Nein, gar nicht. Das geht ganz einfach. Deutsche zahlen bisher Kfz-Steuer, künftig entspricht die Kfz-Steuer genau der Maut, die sie zu entrichten haben. Damit haben sie die Maut für das ganze Jahr bereits bezahlt, ihr Autokennzeichen reicht. Für die Ausländer läuft es ähnlich: Die müssen entweder über Handy oder PC ihr Autokennzeichen angeben und bezahlen dafür die Maut, entweder fürs ganze Jahr, für zwei Monate oder für zehn Tage. Sie brauchen kein Pickerl zu kleben oder sonst was. Das ist ein rein elektronisches Erfassungssystem und es gibt stichprobenartige Kontrollen.

Die SPD ist mit ihrem Kanzlerkandidaten Martin Schulz im Aufwind. Im neuen ARD-Deutschlandtrend liegt sie zum ersten Mal seit mehr als zehn Jahren wieder vor der Union. Ein Wahlsieg der SPD erscheint plötzlich gar nicht mehr so unrealistisch wie noch vor ein paar Wochen.

Ich gönne der SPD ihre Träume. Umfragen sind so volatil, darauf zähle ich schon lange nicht mehr. Ich halte das für ein relativ kurzlebiges Phänomen, dass man mit einem neuen Gesicht in den Umfragen plötzlich hochschießt. Aber die SPD hat sich in ihren Grundfesten ja nicht verändert, sondern nur einen neuen Kopf vorne hingestellt. Wenn die Bürgerinnen und Bürger erst mal sehen, wofür dieser neue Kopf steht, dann wird der Strahleglanz auch sehr schnell wieder verblassen.

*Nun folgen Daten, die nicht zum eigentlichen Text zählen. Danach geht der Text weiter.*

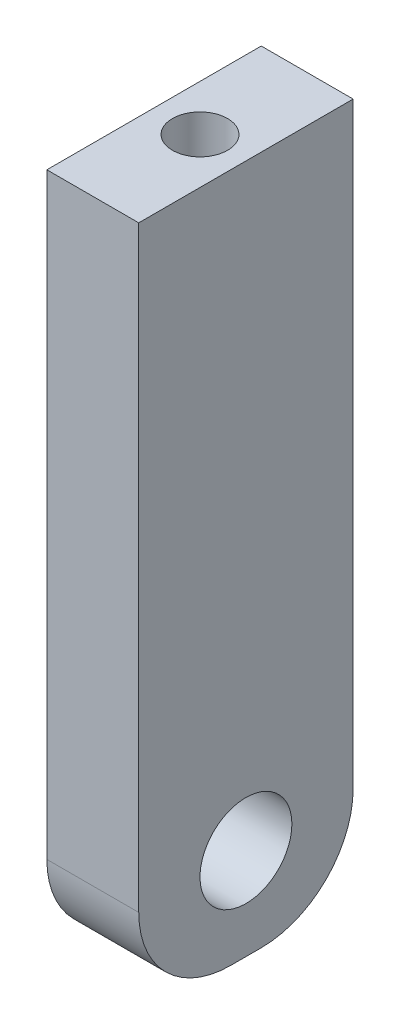
ISO-10303-21;
HEADER;
FILE_DESCRIPTION(('STEP AP214'),'2;1');
FILE_NAME('part.step','',(''),(''),'','','');
FILE_SCHEMA(('AUTOMOTIVE_DESIGN { 1 0 10303 214 1 1 1 1 }'));
ENDSEC;
DATA;
#1=APPLICATION_CONTEXT('core data for automotive mechanical design processes');
#2=APPLICATION_PROTOCOL_DEFINITION('international standard','automotive_design',2000,#1);
#3=PRODUCT_CONTEXT('',#1,'mechanical');
#4=PRODUCT('Part','Part','',(#3));
#5=PRODUCT_RELATED_PRODUCT_CATEGORY('part','',(#4));
#6=PRODUCT_DEFINITION_FORMATION('','',#4);
#7=PRODUCT_DEFINITION_CONTEXT('part definition',#1,'design');
#8=PRODUCT_DEFINITION('design','',#6,#7);
#9=PRODUCT_DEFINITION_SHAPE('','',#8);
#10=(LENGTH_UNIT() NAMED_UNIT(*) SI_UNIT(.MILLI.,.METRE.));
#11=(NAMED_UNIT(*) PLANE_ANGLE_UNIT() SI_UNIT($,.RADIAN.));
#12=(NAMED_UNIT(*) SI_UNIT($,.STERADIAN.) SOLID_ANGLE_UNIT());
#13=UNCERTAINTY_MEASURE_WITH_UNIT(LENGTH_MEASURE(1.E-05),#10,'distance_accuracy_value','');
#14=(GEOMETRIC_REPRESENTATION_CONTEXT(3) GLOBAL_UNCERTAINTY_ASSIGNED_CONTEXT((#13)) GLOBAL_UNIT_ASSIGNED_CONTEXT((#10,
#11,#12)) REPRESENTATION_CONTEXT('',''));
#15=CARTESIAN_POINT('',(0.,0.,0.));
#16=DIRECTION('',(0.,0.,1.));
#17=DIRECTION('',(1.,0.,0.));
#18=AXIS2_PLACEMENT_3D('',#15,#16,#17);
#19=CARTESIAN_POINT('',(3.,0.546254549383258,7.));
#20=DIRECTION('',(0.,-1.,0.));
#21=DIRECTION('',(1.,0.,0.));
#22=AXIS2_PLACEMENT_3D('',#19,#20,#21);
#23=PLANE('',#22);
#24=CARTESIAN_POINT('',(1.5,0.546254549383257,3.5));
#25=DIRECTION('',(0.,1.,0.));
#26=DIRECTION('',(-1.,0.,0.));
#27=AXIS2_PLACEMENT_3D('',#24,#25,#26);
#28=CIRCLE('',#27,0.9);
#29=CARTESIAN_POINT('',(0.6,0.546254549383257,3.5));
#30=VERTEX_POINT('',#29);
#31=EDGE_CURVE('E193',#30,#30,#28,.T.);
#32=ORIENTED_EDGE('',*,*,#31,.F.);
#33=EDGE_LOOP('',(#32));
#34=FACE_BOUND('',#33,.T.);
#35=DIRECTION('',(-1.,0.,0.));
#36=VECTOR('',#35,1.);
#37=CARTESIAN_POINT('',(3.,0.546254549383258,0.));
#38=LINE('',#37,#36);
#39=CARTESIAN_POINT('',(3.,0.546254549383258,0.));
#40=VERTEX_POINT('',#39);
#41=CARTESIAN_POINT('',(0.,0.546254549383257,0.));
#42=VERTEX_POINT('',#41);
#43=EDGE_CURVE('E115',#40,#42,#38,.T.);
#44=ORIENTED_EDGE('',*,*,#43,.T.);
#45=DIRECTION('',(0.,0.,-1.));
#46=VECTOR('',#45,1.);
#47=CARTESIAN_POINT('',(0.,0.546254549383257,7.));
#48=LINE('',#47,#46);
#49=CARTESIAN_POINT('',(0.,0.546254549383257,7.));
#50=VERTEX_POINT('',#49);
#51=EDGE_CURVE('E97',#50,#42,#48,.T.);
#52=ORIENTED_EDGE('',*,*,#51,.F.);
#53=DIRECTION('',(-1.,0.,0.));
#54=VECTOR('',#53,1.);
#55=CARTESIAN_POINT('',(3.,0.546254549383258,7.));
#56=LINE('',#55,#54);
#57=CARTESIAN_POINT('',(3.,0.546254549383258,7.));
#58=VERTEX_POINT('',#57);
#59=EDGE_CURVE('E104',#58,#50,#56,.T.);
#60=ORIENTED_EDGE('',*,*,#59,.F.);
#61=DIRECTION('',(0.,0.,-1.));
#62=VECTOR('',#61,1.);
#63=CARTESIAN_POINT('',(3.,0.546254549383258,7.));
#64=LINE('',#63,#62);
#65=EDGE_CURVE('E143',#58,#40,#64,.T.);
#66=ORIENTED_EDGE('',*,*,#65,.T.);
#67=EDGE_LOOP('',(#44,#52,#60,#66));
#68=FACE_BOUND('',#67,.T.);
#69=ADVANCED_FACE('F41',(#34,#68),#23,.F.);
#70=CARTESIAN_POINT('',(0.,0.546254549383257,7.));
#71=DIRECTION('',(1.,0.,0.));
#72=DIRECTION('',(0.,1.,0.));
#73=AXIS2_PLACEMENT_3D('',#70,#71,#72);
#74=PLANE('',#73);
#75=CARTESIAN_POINT('',(0.,-18.9537454506167,3.5));
#76=DIRECTION('',(1.,0.,0.));
#77=DIRECTION('',(0.,0.,-1.));
#78=AXIS2_PLACEMENT_3D('',#75,#76,#77);
#79=CIRCLE('',#78,1.5);
#80=CARTESIAN_POINT('',(0.,-18.9537454506167,2.));
#81=VERTEX_POINT('',#80);
#82=EDGE_CURVE('E149',#81,#81,#79,.T.);
#83=ORIENTED_EDGE('',*,*,#82,.T.);
#84=EDGE_LOOP('',(#83));
#85=FACE_BOUND('',#84,.T.);
#86=DIRECTION('',(0.,0.,-1.));
#87=VECTOR('',#86,1.);
#88=CARTESIAN_POINT('',(0.,-21.9537454506167,7.));
#89=LINE('',#88,#87);
#90=CARTESIAN_POINT('',(0.,-21.9537454506167,4.));
#91=VERTEX_POINT('',#90);
#92=CARTESIAN_POINT('',(0.,-21.9537454506167,3.));
#93=VERTEX_POINT('',#92);
#94=EDGE_CURVE('E117',#91,#93,#89,.T.);
#95=ORIENTED_EDGE('',*,*,#94,.F.);
#96=CARTESIAN_POINT('',(0.,-18.9537454506167,4.));
#97=DIRECTION('',(1.,0.,0.));
#98=DIRECTION('',(0.,1.,0.));
#99=AXIS2_PLACEMENT_3D('',#96,#97,#98);
#100=CIRCLE('',#99,3.);
#101=CARTESIAN_POINT('',(0.,-18.9537454506167,7.));
#102=VERTEX_POINT('',#101);
#103=EDGE_CURVE('E49',#91,#102,#100,.F.);
#104=ORIENTED_EDGE('',*,*,#103,.T.);
#105=DIRECTION('',(0.,-1.,0.));
#106=VECTOR('',#105,1.);
#107=CARTESIAN_POINT('',(0.,0.546254549383257,7.));
#108=LINE('',#107,#106);
#109=EDGE_CURVE('E93',#50,#102,#108,.T.);
#110=ORIENTED_EDGE('',*,*,#109,.F.);
#111=ORIENTED_EDGE('',*,*,#51,.T.);
#112=DIRECTION('',(0.,-1.,0.));
#113=VECTOR('',#112,1.);
#114=CARTESIAN_POINT('',(0.,0.546254549383257,0.));
#115=LINE('',#114,#113);
#116=CARTESIAN_POINT('',(0.,-18.9537454506167,0.));
#117=VERTEX_POINT('',#116);
#118=EDGE_CURVE('E148',#42,#117,#115,.T.);
#119=ORIENTED_EDGE('',*,*,#118,.T.);
#120=CARTESIAN_POINT('',(0.,-18.9537454506167,3.));
#121=DIRECTION('',(1.,0.,0.));
#122=DIRECTION('',(0.,1.,0.));
#123=AXIS2_PLACEMENT_3D('',#120,#121,#122);
#124=CIRCLE('',#123,3.);
#125=EDGE_CURVE('E61',#117,#93,#124,.F.);
#126=ORIENTED_EDGE('',*,*,#125,.T.);
#127=EDGE_LOOP('',(#95,#104,#110,#111,#119,#126));
#128=FACE_BOUND('',#127,.T.);
#129=ADVANCED_FACE('F95',(#85,#128),#74,.F.);
#130=CARTESIAN_POINT('',(0.,-21.9537454506167,7.));
#131=DIRECTION('',(0.,1.,0.));
#132=DIRECTION('',(0.,0.,1.));
#133=AXIS2_PLACEMENT_3D('',#130,#131,#132);
#134=PLANE('',#133);
#135=DIRECTION('',(0.,0.,-1.));
#136=VECTOR('',#135,1.);
#137=CARTESIAN_POINT('',(3.,-21.9537454506167,7.));
#138=LINE('',#137,#136);
#139=CARTESIAN_POINT('',(3.,-21.9537454506167,4.));
#140=VERTEX_POINT('',#139);
#141=CARTESIAN_POINT('',(3.,-21.9537454506167,3.));
#142=VERTEX_POINT('',#141);
#143=EDGE_CURVE('E121',#140,#142,#138,.T.);
#144=ORIENTED_EDGE('',*,*,#143,.F.);
#145=DIRECTION('',(1.,0.,0.));
#146=VECTOR('',#145,1.);
#147=CARTESIAN_POINT('',(0.,-21.9537454506167,4.));
#148=LINE('',#147,#146);
#149=EDGE_CURVE('E131',#140,#91,#148,.F.);
#150=ORIENTED_EDGE('',*,*,#149,.T.);
#151=ORIENTED_EDGE('',*,*,#94,.T.);
#152=DIRECTION('',(1.,0.,0.));
#153=VECTOR('',#152,1.);
#154=CARTESIAN_POINT('',(0.,-21.9537454506167,3.));
#155=LINE('',#154,#153);
#156=EDGE_CURVE('E128',#93,#142,#155,.T.);
#157=ORIENTED_EDGE('',*,*,#156,.T.);
#158=EDGE_LOOP('',(#144,#150,#151,#157));
#159=FACE_BOUND('',#158,.T.);
#160=ADVANCED_FACE('F136',(#159),#134,.F.);
#161=CARTESIAN_POINT('',(3.,-21.9537454506167,7.));
#162=DIRECTION('',(-1.,0.,0.));
#163=DIRECTION('',(0.,0.,1.));
#164=AXIS2_PLACEMENT_3D('',#161,#162,#163);
#165=PLANE('',#164);
#166=CARTESIAN_POINT('',(3.,-18.9537454506167,3.5));
#167=DIRECTION('',(1.,0.,0.));
#168=DIRECTION('',(0.,0.,-1.));
#169=AXIS2_PLACEMENT_3D('',#166,#167,#168);
#170=CIRCLE('',#169,1.5);
#171=CARTESIAN_POINT('',(3.,-18.9537454506167,2.));
#172=VERTEX_POINT('',#171);
#173=EDGE_CURVE('E192',#172,#172,#170,.T.);
#174=ORIENTED_EDGE('',*,*,#173,.F.);
#175=EDGE_LOOP('',(#174));
#176=FACE_BOUND('',#175,.T.);
#177=DIRECTION('',(0.,1.,0.));
#178=VECTOR('',#177,1.);
#179=CARTESIAN_POINT('',(3.,-21.9537454506167,7.));
#180=LINE('',#179,#178);
#181=CARTESIAN_POINT('',(3.,-18.9537454506167,7.));
#182=VERTEX_POINT('',#181);
#183=EDGE_CURVE('E103',#182,#58,#180,.T.);
#184=ORIENTED_EDGE('',*,*,#183,.F.);
#185=CARTESIAN_POINT('',(3.,-18.9537454506167,4.));
#186=DIRECTION('',(-1.,0.,0.));
#187=DIRECTION('',(0.,0.,1.));
#188=AXIS2_PLACEMENT_3D('',#185,#186,#187);
#189=CIRCLE('',#188,3.);
#190=EDGE_CURVE('E126',#182,#140,#189,.F.);
#191=ORIENTED_EDGE('',*,*,#190,.T.);
#192=ORIENTED_EDGE('',*,*,#143,.T.);
#193=CARTESIAN_POINT('',(3.,-18.9537454506167,3.));
#194=DIRECTION('',(-1.,0.,0.));
#195=DIRECTION('',(0.,0.,1.));
#196=AXIS2_PLACEMENT_3D('',#193,#194,#195);
#197=CIRCLE('',#196,3.);
#198=CARTESIAN_POINT('',(3.,-18.9537454506167,0.));
#199=VERTEX_POINT('',#198);
#200=EDGE_CURVE('E119',#142,#199,#197,.F.);
#201=ORIENTED_EDGE('',*,*,#200,.T.);
#202=DIRECTION('',(0.,1.,0.));
#203=VECTOR('',#202,1.);
#204=CARTESIAN_POINT('',(3.,-21.9537454506167,0.));
#205=LINE('',#204,#203);
#206=EDGE_CURVE('E112',#199,#40,#205,.T.);
#207=ORIENTED_EDGE('',*,*,#206,.T.);
#208=ORIENTED_EDGE('',*,*,#65,.F.);
#209=EDGE_LOOP('',(#184,#191,#192,#201,#207,#208));
#210=FACE_BOUND('',#209,.T.);
#211=ADVANCED_FACE('F142',(#176,#210),#165,.F.);
#212=CARTESIAN_POINT('',(0.,0.,7.));
#213=DIRECTION('',(0.,0.,1.));
#214=DIRECTION('',(1.,0.,0.));
#215=AXIS2_PLACEMENT_3D('',#212,#213,#214);
#216=PLANE('',#215);
#217=ORIENTED_EDGE('',*,*,#109,.T.);
#218=DIRECTION('',(1.,0.,0.));
#219=VECTOR('',#218,1.);
#220=CARTESIAN_POINT('',(3.,-18.9537454506167,7.));
#221=LINE('',#220,#219);
#222=EDGE_CURVE('E116',#102,#182,#221,.T.);
#223=ORIENTED_EDGE('',*,*,#222,.T.);
#224=ORIENTED_EDGE('',*,*,#183,.T.);
#225=ORIENTED_EDGE('',*,*,#59,.T.);
#226=EDGE_LOOP('',(#217,#223,#224,#225));
#227=FACE_BOUND('',#226,.T.);
#228=ADVANCED_FACE('F107',(#227),#216,.T.);
#229=CARTESIAN_POINT('',(0.,0.,0.));
#230=DIRECTION('',(0.,0.,1.));
#231=DIRECTION('',(1.,0.,0.));
#232=AXIS2_PLACEMENT_3D('',#229,#230,#231);
#233=PLANE('',#232);
#234=ORIENTED_EDGE('',*,*,#206,.F.);
#235=DIRECTION('',(1.,0.,0.));
#236=VECTOR('',#235,1.);
#237=CARTESIAN_POINT('',(0.,-18.9537454506167,0.));
#238=LINE('',#237,#236);
#239=EDGE_CURVE('E11',#199,#117,#238,.F.);
#240=ORIENTED_EDGE('',*,*,#239,.T.);
#241=ORIENTED_EDGE('',*,*,#118,.F.);
#242=ORIENTED_EDGE('',*,*,#43,.F.);
#243=EDGE_LOOP('',(#234,#240,#241,#242));
#244=FACE_BOUND('',#243,.T.);
#245=ADVANCED_FACE('F152',(#244),#233,.F.);
#246=CARTESIAN_POINT('',(0.,-18.9537454506167,3.5));
#247=DIRECTION('',(1.,0.,0.));
#248=DIRECTION('',(0.,0.,-1.));
#249=AXIS2_PLACEMENT_3D('',#246,#247,#248);
#250=CYLINDRICAL_SURFACE('',#249,1.5);
#251=CARTESIAN_POINT('',(0.,-18.9537454506167,2.));
#252=CARTESIAN_POINT('',(0.0312499999999995,-18.9537454506167,2.));
#253=CARTESIAN_POINT('',(0.0624999999999996,-18.9537454506167,2.));
#254=CARTESIAN_POINT('',(0.125,-18.9537454506167,2.));
#255=CARTESIAN_POINT('',(0.15625,-18.9537454506167,2.));
#256=CARTESIAN_POINT('',(0.21875,-18.9537454506167,2.));
#257=CARTESIAN_POINT('',(0.25,-18.9537454506167,2.));
#258=CARTESIAN_POINT('',(0.3125,-18.9537454506167,2.));
#259=CARTESIAN_POINT('',(0.34375,-18.9537454506167,2.));
#260=CARTESIAN_POINT('',(0.40625,-18.9537454506167,2.));
#261=CARTESIAN_POINT('',(0.4375,-18.9537454506167,2.));
#262=CARTESIAN_POINT('',(0.5,-18.9537454506167,2.));
#263=CARTESIAN_POINT('',(0.53125,-18.9537454506167,2.));
#264=CARTESIAN_POINT('',(0.59375,-18.9537454506167,2.));
#265=CARTESIAN_POINT('',(0.625,-18.9537454506167,2.));
#266=CARTESIAN_POINT('',(0.6875,-18.9537454506167,2.));
#267=CARTESIAN_POINT('',(0.71875,-18.9537454506167,2.));
#268=CARTESIAN_POINT('',(0.78125,-18.9537454506167,2.));
#269=CARTESIAN_POINT('',(0.8125,-18.9537454506167,2.));
#270=CARTESIAN_POINT('',(0.875,-18.9537454506167,2.));
#271=CARTESIAN_POINT('',(0.90625,-18.9537454506167,2.));
#272=CARTESIAN_POINT('',(0.96875,-18.9537454506167,2.));
#273=CARTESIAN_POINT('',(1.,-18.9537454506167,2.));
#274=CARTESIAN_POINT('',(1.0625,-18.9537454506167,2.));
#275=CARTESIAN_POINT('',(1.09375,-18.9537454506167,2.));
#276=CARTESIAN_POINT('',(1.15625,-18.9537454506167,2.));
#277=CARTESIAN_POINT('',(1.1875,-18.9537454506167,2.));
#278=CARTESIAN_POINT('',(1.25,-18.9537454506167,2.));
#279=CARTESIAN_POINT('',(1.28125,-18.9537454506167,2.));
#280=CARTESIAN_POINT('',(1.34375,-18.9537454506167,2.));
#281=CARTESIAN_POINT('',(1.375,-18.9537454506167,2.));
#282=CARTESIAN_POINT('',(1.4375,-18.9537454506167,2.));
#283=CARTESIAN_POINT('',(1.46875,-18.9537454506167,2.));
#284=CARTESIAN_POINT('',(1.53125,-18.9537454506167,2.));
#285=CARTESIAN_POINT('',(1.5625,-18.9537454506167,2.));
#286=CARTESIAN_POINT('',(1.625,-18.9537454506167,2.));
#287=CARTESIAN_POINT('',(1.65625,-18.9537454506167,2.));
#288=CARTESIAN_POINT('',(1.71875,-18.9537454506167,2.));
#289=CARTESIAN_POINT('',(1.75,-18.9537454506167,2.));
#290=CARTESIAN_POINT('',(1.8125,-18.9537454506167,2.));
#291=CARTESIAN_POINT('',(1.84375,-18.9537454506167,2.));
#292=CARTESIAN_POINT('',(1.90625,-18.9537454506167,2.));
#293=CARTESIAN_POINT('',(1.9375,-18.9537454506167,2.));
#294=CARTESIAN_POINT('',(2.,-18.9537454506167,2.));
#295=CARTESIAN_POINT('',(2.03125,-18.9537454506167,2.));
#296=CARTESIAN_POINT('',(2.09375,-18.9537454506167,2.));
#297=CARTESIAN_POINT('',(2.125,-18.9537454506167,2.));
#298=CARTESIAN_POINT('',(2.1875,-18.9537454506167,2.));
#299=CARTESIAN_POINT('',(2.21875,-18.9537454506167,2.));
#300=CARTESIAN_POINT('',(2.28125,-18.9537454506167,2.));
#301=CARTESIAN_POINT('',(2.3125,-18.9537454506167,2.));
#302=CARTESIAN_POINT('',(2.375,-18.9537454506167,2.));
#303=CARTESIAN_POINT('',(2.40625,-18.9537454506167,2.));
#304=CARTESIAN_POINT('',(2.46875,-18.9537454506167,2.));
#305=CARTESIAN_POINT('',(2.5,-18.9537454506167,2.));
#306=CARTESIAN_POINT('',(2.5625,-18.9537454506167,2.));
#307=CARTESIAN_POINT('',(2.59375,-18.9537454506167,2.));
#308=CARTESIAN_POINT('',(2.65625,-18.9537454506167,2.));
#309=CARTESIAN_POINT('',(2.6875,-18.9537454506167,2.));
#310=CARTESIAN_POINT('',(2.75,-18.9537454506167,2.));
#311=CARTESIAN_POINT('',(2.78125,-18.9537454506167,2.));
#312=CARTESIAN_POINT('',(2.84375,-18.9537454506167,2.));
#313=CARTESIAN_POINT('',(2.875,-18.9537454506167,2.));
#314=CARTESIAN_POINT('',(2.9375,-18.9537454506167,2.));
#315=CARTESIAN_POINT('',(2.96875,-18.9537454506167,2.));
#316=CARTESIAN_POINT('',(3.,-18.9537454506167,2.));
#317=B_SPLINE_CURVE_WITH_KNOTS('',3,(#251,#252,#253,#254,#255,#256,#257,#258,#259,#260,#261,
#262,#263,#264,#265,#266,#267,#268,#269,#270,#271,#272,#273,#274,#275,#276,#277,#278,#279,#280,
#281,#282,#283,#284,#285,#286,#287,#288,#289,#290,#291,#292,#293,#294,#295,#296,#297,#298,#299,
#300,#301,#302,#303,#304,#305,#306,#307,#308,#309,#310,#311,#312,#313,#314,#315,#316),
.UNSPECIFIED.,.F.,.F.,(4,2,2,2,2,2,2,2,2,2,2,2,2,2,2,2,2,2,2,2,2,2,2,2,2,2,2,2,2,2,2,2,4),(0.,
0.09375,0.1875,0.28125,0.375,0.46875,0.5625,0.65625,0.75,0.84375,0.9375,1.03125,1.125,1.21875,
1.3125,1.40625,1.5,1.59375,1.6875,1.78125,1.875,1.96875,2.0625,2.15625,2.25,2.34375,2.4375,
2.53125,2.625,2.71875,2.8125,2.90625,3.),.UNSPECIFIED.);
#318=EDGE_CURVE('BSEAM163',#81,#172,#317,.T.);
#319=ORIENTED_EDGE('',*,*,#82,.F.);
#320=ORIENTED_EDGE('',*,*,#173,.T.);
#321=ORIENTED_EDGE('',*,*,#318,.T.);
#322=ORIENTED_EDGE('',*,*,#318,.F.);
#323=EDGE_LOOP('',(#319,#321,#320,#322));
#324=FACE_BOUND('',#323,.T.);
#325=ADVANCED_FACE('F163',(#324),#250,.F.);
#326=CARTESIAN_POINT('',(0.,-18.9537454506167,4.));
#327=DIRECTION('',(-1.,0.,0.));
#328=DIRECTION('',(0.,0.,1.));
#329=AXIS2_PLACEMENT_3D('',#326,#327,#328);
#330=CYLINDRICAL_SURFACE('',#329,3.);
#331=ORIENTED_EDGE('',*,*,#103,.F.);
#332=ORIENTED_EDGE('',*,*,#149,.F.);
#333=ORIENTED_EDGE('',*,*,#190,.F.);
#334=ORIENTED_EDGE('',*,*,#222,.F.);
#335=EDGE_LOOP('',(#331,#332,#333,#334));
#336=FACE_BOUND('',#335,.T.);
#337=ADVANCED_FACE('F140',(#336),#330,.T.);
#338=CARTESIAN_POINT('',(0.,-18.9537454506167,3.));
#339=DIRECTION('',(1.,0.,0.));
#340=DIRECTION('',(0.,0.,-1.));
#341=AXIS2_PLACEMENT_3D('',#338,#339,#340);
#342=CYLINDRICAL_SURFACE('',#341,3.);
#343=ORIENTED_EDGE('',*,*,#125,.F.);
#344=ORIENTED_EDGE('',*,*,#239,.F.);
#345=ORIENTED_EDGE('',*,*,#200,.F.);
#346=ORIENTED_EDGE('',*,*,#156,.F.);
#347=EDGE_LOOP('',(#343,#344,#345,#346));
#348=FACE_BOUND('',#347,.T.);
#349=ADVANCED_FACE('F43',(#348),#342,.T.);
#350=CARTESIAN_POINT('',(1.5,-6.45374545061674,3.5));
#351=DIRECTION('',(0.,1.,0.));
#352=DIRECTION('',(-1.,0.,0.));
#353=AXIS2_PLACEMENT_3D('',#350,#351,#352);
#354=CYLINDRICAL_SURFACE('',#353,0.9);
#355=CARTESIAN_POINT('',(1.5,-6.45374545061674,3.5));
#356=DIRECTION('',(0.,1.,0.));
#357=DIRECTION('',(-1.,0.,0.));
#358=AXIS2_PLACEMENT_3D('',#355,#356,#357);
#359=CIRCLE('',#358,0.9);
#360=CARTESIAN_POINT('',(0.600000000000001,-6.45374545061674,3.5));
#361=VERTEX_POINT('',#360);
#362=EDGE_CURVE('E191',#361,#361,#359,.T.);
#363=ORIENTED_EDGE('',*,*,#362,.F.);
#364=EDGE_LOOP('',(#363));
#365=FACE_BOUND('',#364,.T.);
#366=ORIENTED_EDGE('',*,*,#31,.T.);
#367=EDGE_LOOP('',(#366));
#368=FACE_BOUND('',#367,.T.);
#369=ADVANCED_FACE('F154',(#365,#368),#354,.F.);
#370=CARTESIAN_POINT('',(1.5,-6.45374545061674,3.5));
#371=DIRECTION('',(0.,1.,0.));
#372=DIRECTION('',(-1.,0.,0.));
#373=AXIS2_PLACEMENT_3D('',#370,#371,#372);
#374=PLANE('',#373);
#375=ORIENTED_EDGE('',*,*,#362,.T.);
#376=EDGE_LOOP('',(#375));
#377=FACE_BOUND('',#376,.T.);
#378=ADVANCED_FACE('F160',(#377),#374,.T.);
#379=CLOSED_SHELL('',(#69,#129,#160,#211,#228,#245,#325,#337,#349,#369,#378));
#380=MANIFOLD_SOLID_BREP('B2',#379);
#381=ADVANCED_BREP_SHAPE_REPRESENTATION('',(#18,#380),#14);
#382=SHAPE_DEFINITION_REPRESENTATION(#9,#381);
ENDSEC;
END-ISO-10303-21;

Zum Schluss noch eine persönliche Frage: Sie haben kürzlich Ihren 65. Geburtstag gefeiert. Trotzdem kandidieren Sie im September noch einmal für den Bundestag. Hat Sie der Ruhestand nicht gereizt?

Viele Gleichaltrige sind in der Tat schon im Ruhestand, teilweise schon seit Jahren. Ich habe mich im vergangenen Sommer in einem Bundeswehrkrankenhaus drei Tage einer intensiven medizinischen Untersuchung unterzogen. Am Ende hat der Arzt zu mir gesagt, ich könne sofort bei der Bundeswehr anfangen. Ich bin also fit und gesund, fühle mich wohl und habe mich deshalb entschieden, noch einmal anzutreten.

Zur Person

  • Norbert Barthle wurde 1952 in Schwäbisch Gmünd geboren, nach dem Abitur studierte er Germanistik, Sportwissenschaft und Philosophie auf Lehramt und unterrichtete anschließend am Gmünder Parler-Gymnasium.
  • 1990 wechselte er ins Kultusministerium nach Stuttgart, wo er für die Presse- und Öffentlichkeitsarbeit zuständig war. 1998 zog Norbert Barthle für die CDU in den Bundestag ein. Seitdem hat er das Direktmandat im Wahlkreis Backnang-Schwäbisch Gmünd viermal verteidigt.